I am eating a few of these every morning with my coffee.  As I write, I am eating the silver roll with the orange filling.  The outer part is marzipan, very lightly flavored with kewra and maybe rose and the filling seems to be some kind of fruit mixture that I can't identify with crunchy stuff in it, maybe, seeds.  The green filling in the silver white roll has a bland taste; maybe it is citron paste.  The orange roll seems to have a different flavor in the marzipan.  I definitely like the first roll best.  The price for these were $7.95/lb.

If I can get at least one non-Indian in the Chicago area to go to this store, I think I will have accomplished something good.  As Arnold Schwartzeneggar says, "Do it now and thank me later."

10/24/04 Addenda:

The orange filling in the marzipan rolls is fig puree similar to that of Fig Newtons.

The green filling in the marzipan rolls is pistachio.

10/25/04 Addenda:

See that yellow rectangular block on the left?   It seems to be flavored with curry or fenugreek and is quite disgusting to me.


----------



## scott123 (Oct 23, 2004)

aruzinsky said:
			
		

> scott123 said:
> 
> 
> 
> ...


That is weird! I could of sworn it said the opposite. I have to get my eyes checked.
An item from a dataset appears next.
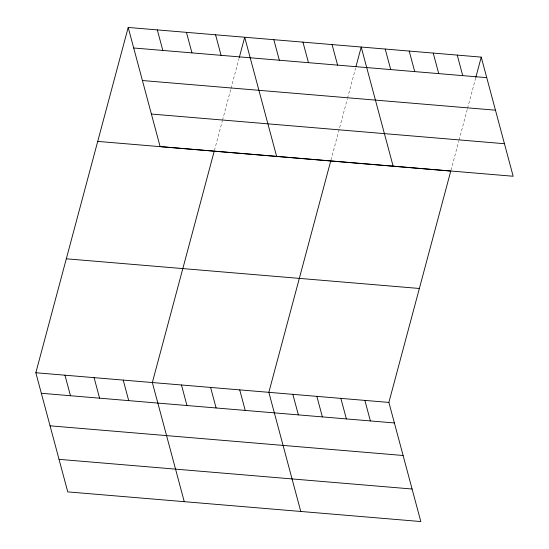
<?xml version="1.0" encoding="UTF-8"?>
<svg xmlns="http://www.w3.org/2000/svg" width="549" height="549" viewBox="0 0 549 549"><rect width="100%" height="100%" fill="white"/><g stroke="black" fill="none" stroke-linecap="round" stroke-linejoin="round"><path stroke-width="0.41" stroke-dasharray="2.75 2.06" d="M214.439 150.378L222.276 121.075M222.496 120.258L230.765 89.329M230.985 88.519L239.041 58.4M330.944 160.164L347.27 99.122M347.49 98.305L355.546 68.193M450.983 170.252L458.82 140.956M459.039 140.139L467.309 109.21M467.528 108.393L475.585 78.281"/><path stroke-width="0.82" d="M97.715 141.402L450.763 171.068L388.884 402.417L420.809 521.55L67.76 491.883L35.836 372.75L128.192 27.45L481.24 57.117L513.164 176.25L160.116 146.583L128.192 27.45M214.22 151.188L152.341 382.536L184.265 501.669M239.254 57.59L244.696 37.243L276.621 156.376M330.724 160.981L268.845 392.329L300.77 511.462M355.978 66.566L361.208 47.029L393.125 166.162M475.798 77.464L481.24 57.117M133.695 47.989L486.743 77.656M142.417 80.525L495.466 110.191M151.394 114.048L504.449 143.714M66.312 258.799L419.361 288.472M35.836 372.75L388.884 402.417M41.34 393.283L394.388 422.956M50.055 425.825L403.103 455.492M59.038 459.341L412.086 489.015M457.235 55.099L462.738 75.638M433.23 53.081L438.733 73.621M409.218 51.064L414.721 71.603M385.213 49.046L390.716 69.586M332.076 44.586L337.58 65.118M302.952 42.136L308.456 62.675M273.827 39.686L279.331 60.225M364.879 400.399L370.383 420.939M340.867 398.382L346.371 418.921M316.862 396.364L322.366 416.904M215.572 34.793L221.075 55.332M292.857 394.347L298.361 414.886M186.447 32.343L191.951 52.882M157.323 29.9L162.82 50.433M239.721 389.879L245.225 410.419M210.596 387.436L216.1 407.969M181.472 384.986L186.969 405.526M123.216 380.093L128.72 400.626M94.092 377.643L99.595 398.183M64.96 375.193L70.464 395.733"/></g></svg>

Btw, my favorite Indian sweet is Gulab Jamon. If your store carrries those, you should definitely give them a try.


----------



## aruzinsky (Oct 23, 2004)

scott123 said:
			
		

> aruzinsky said:
> 
> 
> 
> ...



That's okay.  That's one reason you should always use quotes.  Actually, I didn't know or suspect that it was silver leaf because I would have assumed silver leaf would easily tarnish, especially if eggs are in the food.  I thought it was brushed on aluminum powder.  I Googled "silver leaf" and found that it is reputed to be an aphrodesiac. http://www.asiafood.org/glossary_2.cfm?wordid=2943


----------



## mudbug (Oct 23, 2004)

aruzinsky, I just have one question:

Do you eat any "regular" food?


----------



## buckytom (Oct 23, 2004)

lol, mudbug. aruz definitely gets my vote for being the one here who eats the most exotic stuff...


----------



## tweedee (Oct 23, 2004)

I had some of those sweets last christmas and they really are good


----------



## mudbug (Oct 23, 2004)

They DO look good (didn't mean no harm).  And I appreciate you introducting these unusual - at least to me - ingredients and foods.  Just wondering how you acquired the taste for such stuff and whether you ever hunker down over a bowl of plain ole mac and cheese.


----------



## aruzinsky (Oct 23, 2004)

mudbug said:
			
		

> They DO look good (didn't mean no harm).  And I appreciate you introducting these unusual - at least to me - ingredients and foods.  Just wondering how you acquired the taste for such stuff and whether you ever hunker down over a bowl of plain ole mac and cheese.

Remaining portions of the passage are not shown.